[Records to use Boundary: Start]

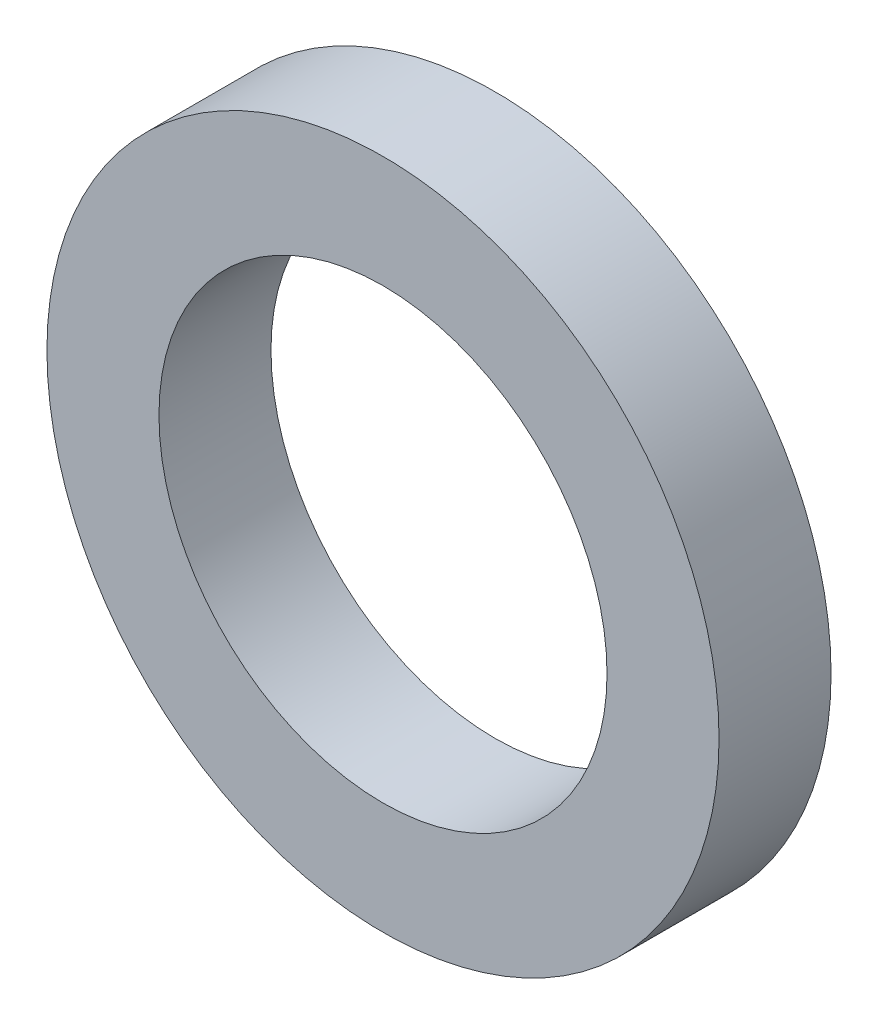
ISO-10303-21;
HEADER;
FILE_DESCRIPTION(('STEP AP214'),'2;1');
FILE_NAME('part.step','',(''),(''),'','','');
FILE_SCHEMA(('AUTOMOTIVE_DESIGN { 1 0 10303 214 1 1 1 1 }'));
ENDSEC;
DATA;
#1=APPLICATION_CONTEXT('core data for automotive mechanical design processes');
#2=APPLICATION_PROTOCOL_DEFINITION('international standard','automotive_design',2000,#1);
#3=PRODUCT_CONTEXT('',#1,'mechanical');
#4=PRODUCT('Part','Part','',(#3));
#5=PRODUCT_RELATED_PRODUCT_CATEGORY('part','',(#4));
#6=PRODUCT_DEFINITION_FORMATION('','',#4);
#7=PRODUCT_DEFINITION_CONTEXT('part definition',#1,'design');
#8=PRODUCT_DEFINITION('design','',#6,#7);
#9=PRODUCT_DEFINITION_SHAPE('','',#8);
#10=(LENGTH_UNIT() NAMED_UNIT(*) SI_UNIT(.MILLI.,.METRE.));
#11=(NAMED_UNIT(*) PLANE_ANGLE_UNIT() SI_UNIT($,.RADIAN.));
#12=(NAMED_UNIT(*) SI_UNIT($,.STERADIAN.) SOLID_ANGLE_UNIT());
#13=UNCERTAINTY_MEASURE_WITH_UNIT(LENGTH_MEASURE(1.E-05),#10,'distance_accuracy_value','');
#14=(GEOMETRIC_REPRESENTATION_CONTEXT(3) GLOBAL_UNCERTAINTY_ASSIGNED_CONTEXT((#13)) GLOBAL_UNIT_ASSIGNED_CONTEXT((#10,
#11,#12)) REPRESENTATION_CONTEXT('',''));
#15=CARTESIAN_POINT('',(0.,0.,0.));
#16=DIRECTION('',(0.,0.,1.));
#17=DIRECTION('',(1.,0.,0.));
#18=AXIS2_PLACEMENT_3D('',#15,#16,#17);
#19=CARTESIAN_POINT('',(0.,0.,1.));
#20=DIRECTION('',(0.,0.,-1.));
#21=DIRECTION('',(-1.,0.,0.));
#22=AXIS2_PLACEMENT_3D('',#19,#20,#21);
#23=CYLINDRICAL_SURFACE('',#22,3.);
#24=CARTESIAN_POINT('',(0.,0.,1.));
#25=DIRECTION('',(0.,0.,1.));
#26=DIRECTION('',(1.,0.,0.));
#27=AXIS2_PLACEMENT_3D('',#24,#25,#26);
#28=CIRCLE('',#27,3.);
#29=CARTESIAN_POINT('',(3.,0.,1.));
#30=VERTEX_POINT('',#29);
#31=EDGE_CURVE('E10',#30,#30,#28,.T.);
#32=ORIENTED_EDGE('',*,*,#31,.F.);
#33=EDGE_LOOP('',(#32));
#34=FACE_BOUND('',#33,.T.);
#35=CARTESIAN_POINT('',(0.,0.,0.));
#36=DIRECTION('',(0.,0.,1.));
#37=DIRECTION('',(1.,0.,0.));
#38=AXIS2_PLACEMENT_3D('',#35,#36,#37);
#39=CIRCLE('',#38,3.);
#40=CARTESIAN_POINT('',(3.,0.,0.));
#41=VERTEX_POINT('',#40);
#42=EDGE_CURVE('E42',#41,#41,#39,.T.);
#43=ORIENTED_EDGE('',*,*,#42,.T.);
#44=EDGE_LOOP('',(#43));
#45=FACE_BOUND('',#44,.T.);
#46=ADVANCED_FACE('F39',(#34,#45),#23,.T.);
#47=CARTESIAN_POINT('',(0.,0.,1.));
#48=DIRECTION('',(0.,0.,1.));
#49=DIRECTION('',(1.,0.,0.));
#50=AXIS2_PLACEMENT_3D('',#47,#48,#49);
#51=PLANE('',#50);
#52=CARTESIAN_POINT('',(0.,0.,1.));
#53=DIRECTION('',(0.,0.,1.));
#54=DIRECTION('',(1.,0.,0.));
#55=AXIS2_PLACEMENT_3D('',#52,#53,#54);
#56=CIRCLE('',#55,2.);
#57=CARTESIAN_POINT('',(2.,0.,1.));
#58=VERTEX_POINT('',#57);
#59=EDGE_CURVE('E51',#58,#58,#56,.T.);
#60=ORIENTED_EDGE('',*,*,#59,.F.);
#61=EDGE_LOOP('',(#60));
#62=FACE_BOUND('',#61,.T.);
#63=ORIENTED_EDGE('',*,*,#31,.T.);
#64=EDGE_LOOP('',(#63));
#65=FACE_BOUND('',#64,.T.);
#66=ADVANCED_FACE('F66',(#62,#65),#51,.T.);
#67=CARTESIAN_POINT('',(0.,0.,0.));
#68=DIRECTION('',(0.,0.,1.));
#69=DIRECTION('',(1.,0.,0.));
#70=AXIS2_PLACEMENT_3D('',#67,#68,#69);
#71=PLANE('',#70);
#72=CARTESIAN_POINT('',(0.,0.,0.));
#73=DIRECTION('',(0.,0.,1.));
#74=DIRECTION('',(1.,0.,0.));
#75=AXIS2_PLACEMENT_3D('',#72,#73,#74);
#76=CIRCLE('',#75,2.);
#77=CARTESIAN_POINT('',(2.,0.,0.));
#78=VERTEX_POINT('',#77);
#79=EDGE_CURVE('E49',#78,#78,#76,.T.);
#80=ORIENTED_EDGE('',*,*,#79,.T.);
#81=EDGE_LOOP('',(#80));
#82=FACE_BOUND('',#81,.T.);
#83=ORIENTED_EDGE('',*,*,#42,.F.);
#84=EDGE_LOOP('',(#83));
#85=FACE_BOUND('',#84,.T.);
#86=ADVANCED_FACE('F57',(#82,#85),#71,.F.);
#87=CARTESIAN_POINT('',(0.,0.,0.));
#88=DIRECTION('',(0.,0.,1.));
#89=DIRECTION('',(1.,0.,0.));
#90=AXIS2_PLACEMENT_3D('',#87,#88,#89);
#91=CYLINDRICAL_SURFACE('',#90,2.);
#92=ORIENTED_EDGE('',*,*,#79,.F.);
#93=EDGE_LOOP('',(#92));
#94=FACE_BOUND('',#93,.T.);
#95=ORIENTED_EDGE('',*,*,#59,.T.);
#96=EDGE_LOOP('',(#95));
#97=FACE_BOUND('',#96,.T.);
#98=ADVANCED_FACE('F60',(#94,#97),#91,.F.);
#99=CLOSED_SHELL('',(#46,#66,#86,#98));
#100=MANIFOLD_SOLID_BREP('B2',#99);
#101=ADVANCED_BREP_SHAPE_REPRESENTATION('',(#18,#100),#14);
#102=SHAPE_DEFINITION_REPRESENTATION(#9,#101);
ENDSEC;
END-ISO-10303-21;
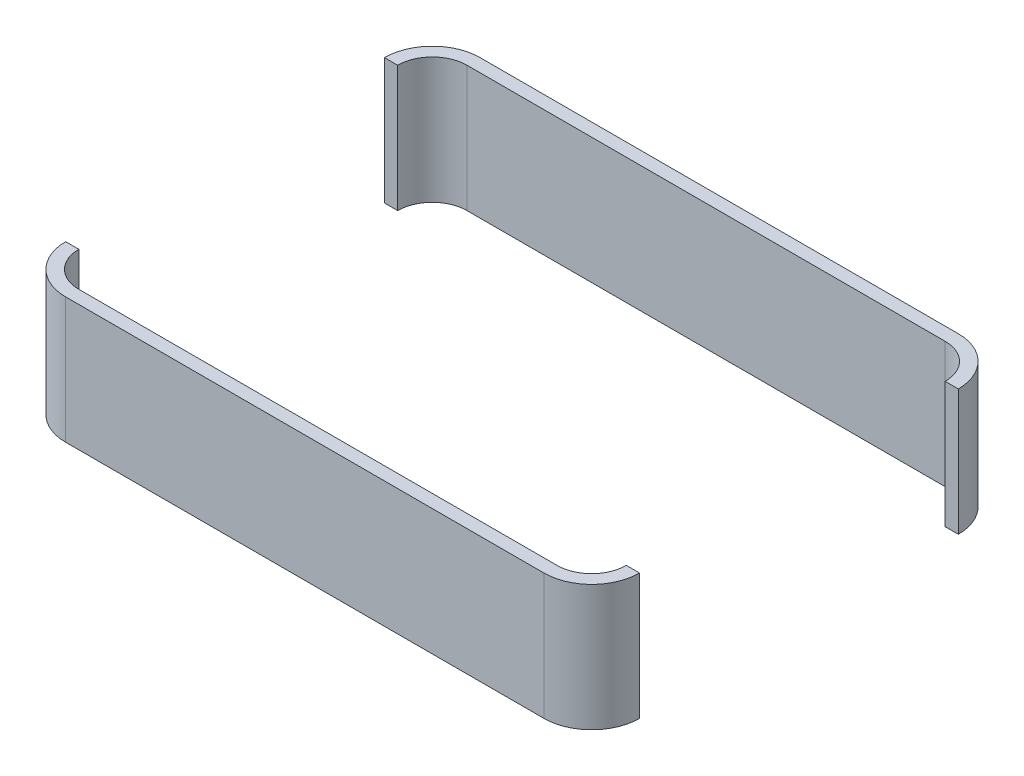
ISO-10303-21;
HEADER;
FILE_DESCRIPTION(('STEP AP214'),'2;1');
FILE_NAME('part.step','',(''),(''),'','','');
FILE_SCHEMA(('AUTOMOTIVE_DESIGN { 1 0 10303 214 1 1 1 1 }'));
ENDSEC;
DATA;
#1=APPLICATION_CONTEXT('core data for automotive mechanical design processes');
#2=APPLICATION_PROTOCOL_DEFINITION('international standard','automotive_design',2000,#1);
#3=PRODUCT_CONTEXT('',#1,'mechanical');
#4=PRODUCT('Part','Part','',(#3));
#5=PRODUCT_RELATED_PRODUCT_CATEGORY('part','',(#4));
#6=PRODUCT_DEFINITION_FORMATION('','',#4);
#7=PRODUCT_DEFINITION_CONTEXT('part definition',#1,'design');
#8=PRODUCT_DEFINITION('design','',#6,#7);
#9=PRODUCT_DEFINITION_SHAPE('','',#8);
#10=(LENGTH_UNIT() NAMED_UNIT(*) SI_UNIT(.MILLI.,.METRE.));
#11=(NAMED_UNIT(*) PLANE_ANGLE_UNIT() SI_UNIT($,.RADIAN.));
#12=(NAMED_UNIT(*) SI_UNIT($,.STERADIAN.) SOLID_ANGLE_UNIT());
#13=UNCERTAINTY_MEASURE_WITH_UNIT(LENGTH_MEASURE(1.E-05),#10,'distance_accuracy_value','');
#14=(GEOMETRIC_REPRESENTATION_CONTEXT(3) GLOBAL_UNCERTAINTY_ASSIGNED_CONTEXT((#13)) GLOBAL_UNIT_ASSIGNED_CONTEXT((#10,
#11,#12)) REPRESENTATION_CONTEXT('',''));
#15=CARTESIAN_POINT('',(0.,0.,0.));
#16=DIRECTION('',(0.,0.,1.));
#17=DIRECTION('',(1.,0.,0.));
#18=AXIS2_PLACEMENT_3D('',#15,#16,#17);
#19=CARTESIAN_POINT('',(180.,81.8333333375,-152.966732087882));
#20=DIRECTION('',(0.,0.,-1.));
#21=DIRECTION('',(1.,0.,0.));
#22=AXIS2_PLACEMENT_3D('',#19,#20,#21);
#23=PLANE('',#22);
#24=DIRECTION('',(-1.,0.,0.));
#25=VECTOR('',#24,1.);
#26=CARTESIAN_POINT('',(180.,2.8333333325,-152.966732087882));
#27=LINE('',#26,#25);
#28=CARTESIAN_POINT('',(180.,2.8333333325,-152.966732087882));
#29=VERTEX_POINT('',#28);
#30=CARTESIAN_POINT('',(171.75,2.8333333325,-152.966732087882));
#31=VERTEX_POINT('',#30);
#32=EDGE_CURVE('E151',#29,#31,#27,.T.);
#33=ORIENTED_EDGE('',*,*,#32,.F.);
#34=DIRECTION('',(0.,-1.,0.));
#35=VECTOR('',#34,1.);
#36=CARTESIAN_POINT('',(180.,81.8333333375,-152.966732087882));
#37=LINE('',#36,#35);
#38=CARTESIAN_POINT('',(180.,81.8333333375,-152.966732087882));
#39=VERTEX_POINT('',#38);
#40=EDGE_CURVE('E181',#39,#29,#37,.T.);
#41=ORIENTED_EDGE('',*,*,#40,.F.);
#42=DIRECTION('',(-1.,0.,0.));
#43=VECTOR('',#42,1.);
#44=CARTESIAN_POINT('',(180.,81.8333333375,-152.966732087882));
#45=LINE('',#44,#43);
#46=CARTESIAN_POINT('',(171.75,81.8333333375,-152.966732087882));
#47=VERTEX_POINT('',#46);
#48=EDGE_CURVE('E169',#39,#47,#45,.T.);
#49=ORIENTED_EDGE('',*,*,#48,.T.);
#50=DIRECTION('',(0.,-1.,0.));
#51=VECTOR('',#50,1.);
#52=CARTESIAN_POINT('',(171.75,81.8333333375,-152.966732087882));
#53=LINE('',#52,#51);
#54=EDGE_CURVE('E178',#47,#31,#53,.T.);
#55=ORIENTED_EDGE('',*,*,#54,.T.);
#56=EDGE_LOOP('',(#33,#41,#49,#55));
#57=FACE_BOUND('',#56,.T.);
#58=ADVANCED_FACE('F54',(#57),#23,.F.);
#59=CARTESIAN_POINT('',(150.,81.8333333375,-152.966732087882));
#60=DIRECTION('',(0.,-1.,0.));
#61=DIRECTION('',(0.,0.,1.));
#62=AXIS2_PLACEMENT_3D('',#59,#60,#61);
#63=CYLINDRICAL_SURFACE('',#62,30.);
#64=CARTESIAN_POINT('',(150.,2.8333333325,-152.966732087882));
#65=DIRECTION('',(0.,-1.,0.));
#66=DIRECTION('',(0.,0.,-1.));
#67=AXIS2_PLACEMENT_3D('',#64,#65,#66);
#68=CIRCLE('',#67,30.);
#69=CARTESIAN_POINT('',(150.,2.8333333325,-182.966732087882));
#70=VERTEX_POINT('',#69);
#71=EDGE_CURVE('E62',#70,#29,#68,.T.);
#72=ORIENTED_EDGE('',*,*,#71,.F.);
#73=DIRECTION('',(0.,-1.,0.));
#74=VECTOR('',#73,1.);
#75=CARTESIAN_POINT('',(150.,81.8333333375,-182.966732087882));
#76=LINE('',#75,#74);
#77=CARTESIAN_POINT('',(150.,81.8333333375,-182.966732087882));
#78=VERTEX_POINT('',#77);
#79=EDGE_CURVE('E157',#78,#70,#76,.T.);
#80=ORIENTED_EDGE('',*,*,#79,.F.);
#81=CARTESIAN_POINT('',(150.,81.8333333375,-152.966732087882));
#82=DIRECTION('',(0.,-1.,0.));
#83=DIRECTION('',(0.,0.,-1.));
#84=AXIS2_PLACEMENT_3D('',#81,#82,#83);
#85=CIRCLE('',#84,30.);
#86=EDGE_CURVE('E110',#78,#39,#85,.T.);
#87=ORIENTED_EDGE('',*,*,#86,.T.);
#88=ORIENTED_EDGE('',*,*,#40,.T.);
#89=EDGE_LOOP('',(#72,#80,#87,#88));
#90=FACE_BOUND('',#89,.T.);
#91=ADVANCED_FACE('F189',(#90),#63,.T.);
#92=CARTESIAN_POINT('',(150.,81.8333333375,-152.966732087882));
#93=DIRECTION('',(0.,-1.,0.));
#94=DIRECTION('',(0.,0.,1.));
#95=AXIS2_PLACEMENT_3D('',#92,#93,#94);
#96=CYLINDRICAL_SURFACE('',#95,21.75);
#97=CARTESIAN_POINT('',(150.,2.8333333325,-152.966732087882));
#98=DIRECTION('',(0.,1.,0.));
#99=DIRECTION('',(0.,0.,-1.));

[Records to use Boundary: End]

• **Work request**:
Your task is to restate, word for word, only those lines above that fall between the line holding "#33=EDGE_LOOP('',(#32));" and the line holding "#64=EDGE_LOOP('',(#63));", inclusive.

• **Answer to the problem**:
#33=EDGE_LOOP('',(#32));
#34=FACE_BOUND('',#33,.T.);
#35=CARTESIAN_POINT('',(0.,0.,0.));
#36=DIRECTION('',(0.,0.,1.));
#37=DIRECTION('',(1.,0.,0.));
#38=AXIS2_PLACEMENT_3D('',#35,#36,#37);
#39=CIRCLE('',#38,3.);
#40=CARTESIAN_POINT('',(3.,0.,0.));
#41=VERTEX_POINT('',#40);
#42=EDGE_CURVE('E42',#41,#41,#39,.T.);
#43=ORIENTED_EDGE('',*,*,#42,.T.);
#44=EDGE_LOOP('',(#43));
#45=FACE_BOUND('',#44,.T.);
#46=ADVANCED_FACE('F39',(#34,#45),#23,.T.);
#47=CARTESIAN_POINT('',(0.,0.,1.));
#48=DIRECTION('',(0.,0.,1.));
#49=DIRECTION('',(1.,0.,0.));
#50=AXIS2_PLACEMENT_3D('',#47,#48,#49);
#51=PLANE('',#50);
#52=CARTESIAN_POINT('',(0.,0.,1.));
#53=DIRECTION('',(0.,0.,1.));
#54=DIRECTION('',(1.,0.,0.));
#55=AXIS2_PLACEMENT_3D('',#52,#53,#54);
#56=CIRCLE('',#55,2.);
#57=CARTESIAN_POINT('',(2.,0.,1.));
#58=VERTEX_POINT('',#57);
#59=EDGE_CURVE('E51',#58,#58,#56,.T.);
#60=ORIENTED_EDGE('',*,*,#59,.F.);
#61=EDGE_LOOP('',(#60));
#62=FACE_BOUND('',#61,.T.);
#63=ORIENTED_EDGE('',*,*,#31,.T.);
#64=EDGE_LOOP('',(#63));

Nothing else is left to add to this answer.